*** Provided data Section Begins ***

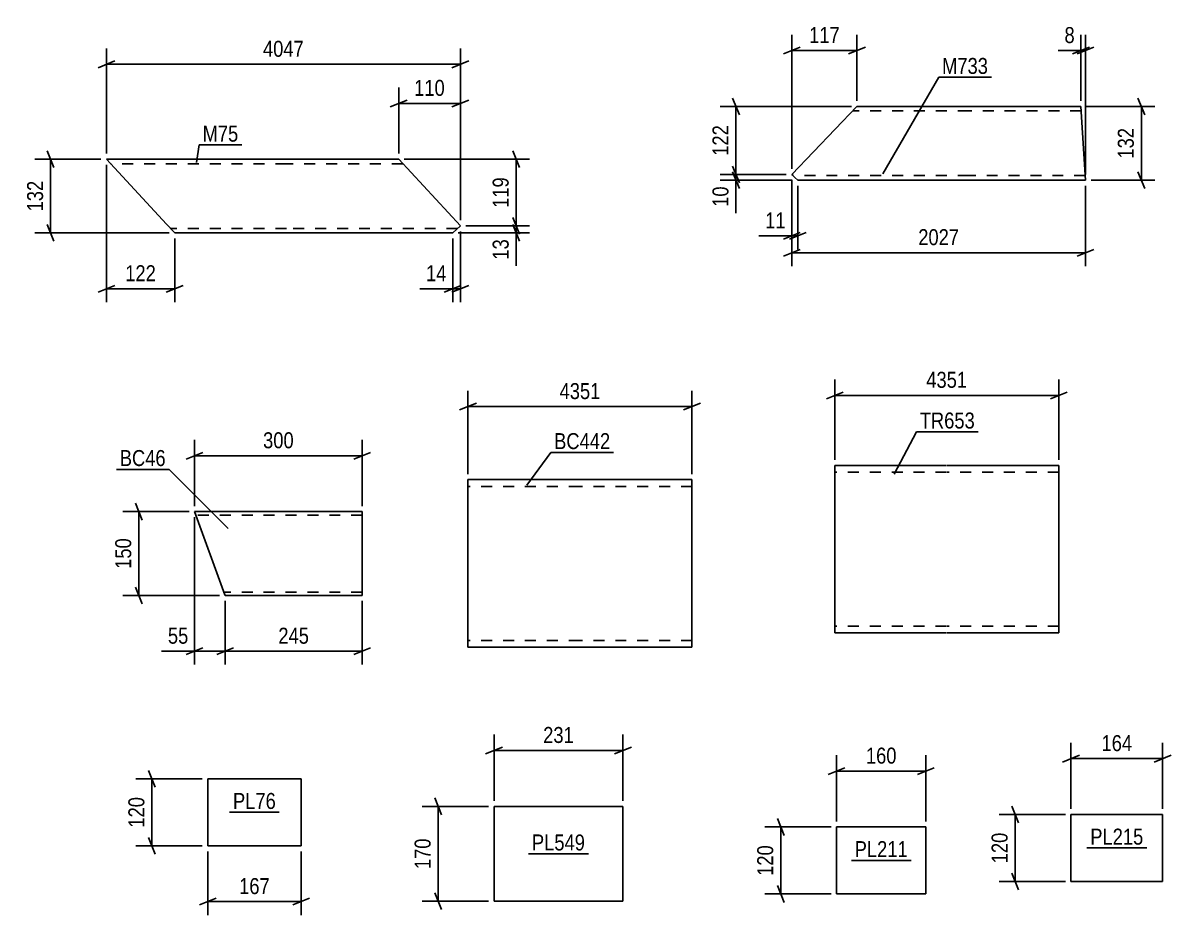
# Model space of a CAD drawing. Header units: millimetres. Extents: x 0 to 1189, y 0 to 841.
# Drawn here: x 748.8 to 954.3, y 251.5 to 411.3 of the extents above; entities that cross this region are included whole.
import ezdxf

# ---------------------------------------------------------------- set-up
doc = ezdxf.new("R2010")
doc.units = ezdxf.units.MM
doc.linetypes.add('DXK_LINE_DOT2', pattern=[3.9198, 1.9599, -1.9599])
doc.styles.add('Arial Narrow', font='ARIALN.TTF', dxfattribs={"height": 0.2})

# ---------------------------------------------------------------- blocks, each defined once
blk = doc.blocks.new('Part-348435271-19393 - 19392')
at = {"color": 2, "linetype": 'Continuous'}
for p, q in [((914.09, 332.03), (894.09, 332.03)), ((894.09, 304.43), (894.09, 332.03)), ((934.19, 332.03), (914.19, 332.03)), ((934.19, 332.03), (934.19, 302.03)), ((894.09, 304.43), (894.09, 302.03)), ((914.09, 302.03), (894.09, 302.03)), ((934.19, 302.03), (914.19, 302.03))]:
    blk.add_line(p, q, dxfattribs=at)
at = {"color": 7, "linetype": 'DXK_LINE_DOT2'}
for p, q in [((914.09, 330.83), (894.09, 330.83)), ((934.19, 330.83), (914.19, 330.83)), ((894.09, 302.21), (894.09, 304.43)), ((894.09, 303.23), (894.09, 303.32)), ((914.09, 303.23), (894.09, 303.23)), ((934.19, 303.23), (914.19, 303.23)), ((934.19, 303.23), (934.19, 303.32))]:
    blk.add_line(p, q, dxfattribs=at)
blk = doc.blocks.new('Part-348435271-7478 - 7447')
at = {"color": 2, "linetype": 'Continuous'}
for p, q in [((894.42, 255.27), (894.42, 267.27)), ((894.42, 267.27), (910.4, 267.27)), ((910.4, 267.27), (910.4, 255.27)), ((910.4, 255.27), (894.42, 255.27))]:
    blk.add_line(p, q, dxfattribs=at)
blk = doc.blocks.new('Part-348435271-19196 - 19195')
at = {"color": 2, "linetype": 'Continuous'}
for p, q in [((848.43, 329.48), (828.43, 329.48)), ((828.43, 301.88), (828.43, 329.48)), ((868.53, 329.48), (848.53, 329.48)), ((868.53, 329.48), (868.53, 299.48)), ((828.43, 301.88), (828.43, 299.48)), ((848.43, 299.48), (828.43, 299.48)), ((868.53, 299.48), (848.53, 299.48))]:
    blk.add_line(p, q, dxfattribs=at)
at = {"color": 7, "linetype": 'DXK_LINE_DOT2'}
for p, q in [((848.43, 328.28), (828.43, 328.28)), ((868.53, 328.28), (848.53, 328.28)), ((828.43, 299.66), (828.43, 301.88)), ((828.43, 300.68), (828.43, 300.77)), ((848.43, 300.68), (828.43, 300.68)), ((868.53, 300.68), (848.53, 300.68)), ((868.53, 300.68), (868.53, 300.77))]:
    blk.add_line(p, q, dxfattribs=at)
blk = doc.blocks.new('Part-348435271-19207 - 19206')
at = {"color": 2, "linetype": 'Continuous'}
for p, q in [((774.44, 375.27), (763.71, 386.87)), ((763.71, 386.87), (795.92, 386.87)), ((796.02, 386.87), (816.02, 386.87)), ((827.06, 374.93), (816.02, 386.87)), ((775.92, 373.67), (774.44, 375.27)), ((825.69, 373.67), (827.06, 374.93)), ((795.92, 373.67), (775.92, 373.67)), ((825.69, 373.67), (796.02, 373.67))]:
    blk.add_line(p, q, dxfattribs=at)
at = {"color": 7, "linetype": 'DXK_LINE_DOT2'}
for p, q in [((795.92, 386.07), (764.45, 386.07)), ((816.76, 386.07), (796.02, 386.07)), ((775.8, 373.79), (774.44, 375.27)), ((775.18, 374.47), (775.12, 374.53)), ((795.92, 374.47), (775.18, 374.47)), ((826.56, 374.47), (796.02, 374.47))]:
    blk.add_line(p, q, dxfattribs=at)
blk = doc.blocks.new('Part-348435271-19214 - 19213')
at = {"color": 2, "linetype": 'Continuous'}
for p, q in [((886.39, 384.12), (898.07, 396.33)), ((898.07, 396.33), (918.07, 396.33)), ((918.17, 396.33), (938.17, 396.33)), ((938.98, 383.13), (938.17, 396.33)), ((886.97, 383.6), (886.39, 384.12)), ((887.46, 383.13), (886.97, 383.6)), ((918.07, 383.13), (887.46, 383.13)), ((938.98, 383.13), (918.17, 383.13))]:
    blk.add_line(p, q, dxfattribs=at)
at = {"color": 7, "linetype": 'DXK_LINE_DOT2'}
for p, q in [((918.07, 395.53), (897.31, 395.53)), ((938.22, 395.53), (918.17, 395.53)), ((886.41, 384.13), (886.39, 384.12)), ((886.39, 384.12), (886.41, 384.13)), ((886.43, 384.12), (886.41, 384.13)), ((886.41, 384.13), (886.62, 383.93)), ((918.07, 383.93), (886.62, 383.93)), ((938.93, 383.93), (918.17, 383.93)), ((938.93, 383.93), (938.93, 383.99))]:
    blk.add_line(p, q, dxfattribs=at)
blk = doc.blocks.new('Part-348435271-19260 - 19259')
at = {"color": 2, "linetype": 'Continuous'}
for p, q in [((809.49, 323.75), (779.49, 323.75)), ((784.91, 308.84), (779.49, 323.75)), ((809.49, 323.75), (809.49, 308.75)), ((784.95, 308.75), (784.91, 308.84)), ((809.49, 308.75), (784.95, 308.75))]:
    blk.add_line(p, q, dxfattribs=at)
at = {"color": 7, "linetype": 'DXK_LINE_DOT2'}
for p, q in [((809.49, 323.15), (779.71, 323.15)), ((784.73, 309.35), (784.71, 309.39)), ((809.49, 309.35), (784.73, 309.35)), ((809.49, 309.35), (809.49, 309.39))]:
    blk.add_line(p, q, dxfattribs=at)
blk = doc.blocks.new('Part-348435271-19329 - 19328')
at = {"color": 2, "linetype": 'Continuous'}
for p, q in [((781.84, 263.9), (781.84, 275.9)), ((781.84, 275.9), (798.55, 275.9)), ((798.55, 275.9), (798.55, 263.9)), ((798.55, 263.9), (781.84, 263.9))]:
    blk.add_line(p, q, dxfattribs=at)
blk = doc.blocks.new('Part-348435271-19348 - 19347')
at = {"color": 2, "linetype": 'Continuous'}
for p, q in [((936.38, 269.51), (936.38, 257.51)), ((952.79, 269.51), (936.38, 269.51)), ((952.79, 257.51), (952.79, 269.51)), ((936.38, 257.51), (952.79, 257.51))]:
    blk.add_line(p, q, dxfattribs=at)
blk = doc.blocks.new('Part-348435271-19356 - 19355')
at = {"color": 2, "linetype": 'Continuous'}
for p, q in [((833.09, 253.97), (833.09, 270.97)), ((833.09, 270.97), (856.18, 270.97)), ((856.18, 270.97), (856.18, 253.97)), ((856.18, 253.97), (833.09, 253.97))]:
    blk.add_line(p, q, dxfattribs=at)
blk = doc.blocks.new('StraightDimension-348435271-19875 - 19392')
at = {"color": 7, "linetype": 'Continuous'}
for p, q in [((894.09, 333.03), (894.09, 347.43)), ((934.19, 333.03), (934.19, 347.43)), ((895.59, 345.18), (892.59, 343.98)), ((894.09, 344.58), (934.19, 344.58)), ((932.69, 343.98), (935.69, 345.18))]:
    blk.add_line(p, q, dxfattribs=at)
at = {"color": 0}
blk.add_wipeout([(918.39, 345.33), (918.39, 349.53), (909.88, 349.53), (909.88, 345.33)], dxfattribs=at)
at = {"color": 3, "style": 'Arial Narrow'}
blk.add_text('4351', height=2.863, dxfattribs=at).set_placement((910.48, 345.93))
blk = doc.blocks.new('StraightDimension-348435271-7480 - 7447')
at = {"color": 7, "linetype": 'Continuous'}
for p, q in [((893.42, 267.27), (881.57, 267.27)), ((883.82, 268.77), (885.02, 265.77)), ((884.42, 255.27), (884.42, 267.27)), ((893.42, 255.27), (881.57, 255.27)), ((885.02, 253.77), (883.82, 256.77))]:
    blk.add_line(p, q, dxfattribs=at)
at = {"color": 0}
blk.add_wipeout([(883.67, 264.61), (879.47, 264.61), (879.47, 257.92), (883.67, 257.92)], dxfattribs=at)
at = {"color": 3, "style": 'Arial Narrow'}
blk.add_text('120', height=2.863, rotation=90.0002, dxfattribs=at).set_placement((883.07, 258.52))
blk = doc.blocks.new('StraightDimension-348435271-7484 - 7447')
at = {"color": 7, "linetype": 'Continuous'}
for p, q in [((894.42, 268.27), (894.42, 280.12)), ((910.4, 268.27), (910.4, 280.12)), ((895.92, 277.87), (892.92, 276.67)), ((908.9, 276.67), (911.9, 277.87)), ((894.42, 277.27), (910.4, 277.27))]:
    blk.add_line(p, q, dxfattribs=at)
at = {"color": 0}
blk.add_wipeout([(905.76, 278.02), (905.76, 282.22), (899.07, 282.22), (899.07, 278.02)], dxfattribs=at)
at = {"color": 3, "style": 'Arial Narrow'}
blk.add_text('160', height=2.863, dxfattribs=at).set_placement((899.67, 278.62))
blk = doc.blocks.new('StraightDimension-348435271-19453 - 19195')
at = {"color": 7, "linetype": 'Continuous'}
for p, q in [((828.43, 330.48), (828.43, 345.41)), ((868.53, 330.48), (868.53, 345.41)), ((829.93, 343.16), (826.93, 341.96)), ((828.43, 342.56), (868.53, 342.56)), ((867.03, 341.96), (870.03, 343.16))]:
    blk.add_line(p, q, dxfattribs=at)
at = {"color": 0}
blk.add_wipeout([(852.74, 343.31), (852.74, 347.51), (844.23, 347.51), (844.23, 343.31)], dxfattribs=at)
at = {"color": 3, "style": 'Arial Narrow'}
blk.add_text('4351', height=2.863, dxfattribs=at).set_placement((844.83, 343.91))
blk = doc.blocks.new('StraightDimension-348435271-19483 - 19206')
at = {"color": 7, "linetype": 'Continuous'}
for p, q in [((763.71, 387.87), (763.71, 406.72)), ((827.06, 375.93), (827.06, 406.72)), ((765.21, 404.47), (762.21, 403.27)), ((763.71, 403.87), (827.06, 403.87)), ((825.56, 403.27), (828.56, 404.47))]:
    blk.add_line(p, q, dxfattribs=at)
at = {"color": 0}
blk.add_wipeout([(799.64, 404.62), (799.64, 408.82), (791.13, 408.82), (791.13, 404.62)], dxfattribs=at)
at = {"color": 3, "style": 'Arial Narrow'}
blk.add_text('4047', height=2.863, dxfattribs=at).set_placement((791.73, 405.22))
blk = doc.blocks.new('StraightDimension-348435271-19465 - 19206')
at = {"color": 7, "linetype": 'Continuous'}
for p, q in [((816.02, 387.87), (816.02, 399.72)), ((827.06, 375.93), (827.06, 399.72)), ((814.52, 396.27), (817.52, 397.47)), ((816.02, 396.87), (827.06, 396.87)), ((828.56, 397.47), (825.56, 396.27))]:
    blk.add_line(p, q, dxfattribs=at)
at = {"color": 0}
blk.add_wipeout([(824.88, 397.62), (824.88, 401.82), (818.19, 401.82), (818.19, 397.62)], dxfattribs=at)
at = {"color": 3, "style": 'Arial Narrow'}
blk.add_text('110', height=2.863, dxfattribs=at).set_placement((818.79, 398.22))
blk = doc.blocks.new('StraightDimension-348435271-19457 - 19206')
at = {"color": 7, "linetype": 'Continuous'}
for p, q in [((825.69, 372.67), (825.69, 361.27)), ((827.06, 373.93), (827.06, 361.27)), ((824.19, 363.07), (827.19, 364.27)), ((828.56, 364.27), (825.56, 363.07)), ((825.69, 363.67), (827.06, 363.67))]:
    blk.add_line(p, q, dxfattribs=at)
at = {"color": 0}
blk.add_wipeout([(825.17, 364.42), (825.17, 368.62), (820.31, 368.62), (820.31, 364.42)], dxfattribs=at)
at = {"color": 7, "linetype": 'Continuous'}
blk.add_line((825.69, 363.67), (819.79, 363.67), dxfattribs=at)
blk.add_line((825.69, 363.67), (819.79, 363.67), dxfattribs=at)
at = {"color": 3, "style": 'Arial Narrow'}
blk.add_text('14', height=2.863, dxfattribs=at).set_placement((820.91, 365.02))
blk = doc.blocks.new('StraightDimension-348435271-28444 - 19206')
at = {"color": 7, "linetype": 'Continuous'}
for p, q in [((817.02, 386.87), (839.46, 386.87)), ((836.46, 388.37), (837.66, 385.37)), ((837.06, 374.93), (837.06, 386.87)), ((837.66, 373.43), (836.46, 376.43)), ((828.06, 374.93), (839.46, 374.93))]:
    blk.add_line(p, q, dxfattribs=at)
at = {"color": 0}
blk.add_wipeout([(836.31, 384.25), (832.11, 384.25), (832.11, 377.56), (836.31, 377.56)], dxfattribs=at)
at = {"color": 3, "style": 'Arial Narrow'}
blk.add_text('119', height=2.863, rotation=90.0002, dxfattribs=at).set_placement((835.71, 378.16))
blk = doc.blocks.new('StraightDimension-348435271-19461 - 19206')
at = {"color": 7, "linetype": 'Continuous'}
for p, q in [((763.71, 385.87), (763.71, 361.27)), ((775.92, 372.67), (775.92, 361.27)), ((762.21, 363.07), (765.21, 364.27)), ((777.42, 364.27), (774.42, 363.07)), ((763.71, 363.67), (775.92, 363.67))]:
    blk.add_line(p, q, dxfattribs=at)
at = {"color": 0}
blk.add_wipeout([(773.15, 364.42), (773.15, 368.62), (766.47, 368.62), (766.47, 364.42)], dxfattribs=at)
at = {"color": 3, "style": 'Arial Narrow'}
blk.add_text('122', height=2.863, dxfattribs=at).set_placement((767.07, 365.02))
blk = doc.blocks.new('StraightDimension-348435271-28445 - 19206')
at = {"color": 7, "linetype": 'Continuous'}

*** Provided data Section Ends ***

_Your instructions_
Filter the listing above by the word "ezdxf"; copy each line that passes.

_Solution to this exercise_
import ezdxf
doc = ezdxf.new("R2010")
doc.units = ezdxf.units.MM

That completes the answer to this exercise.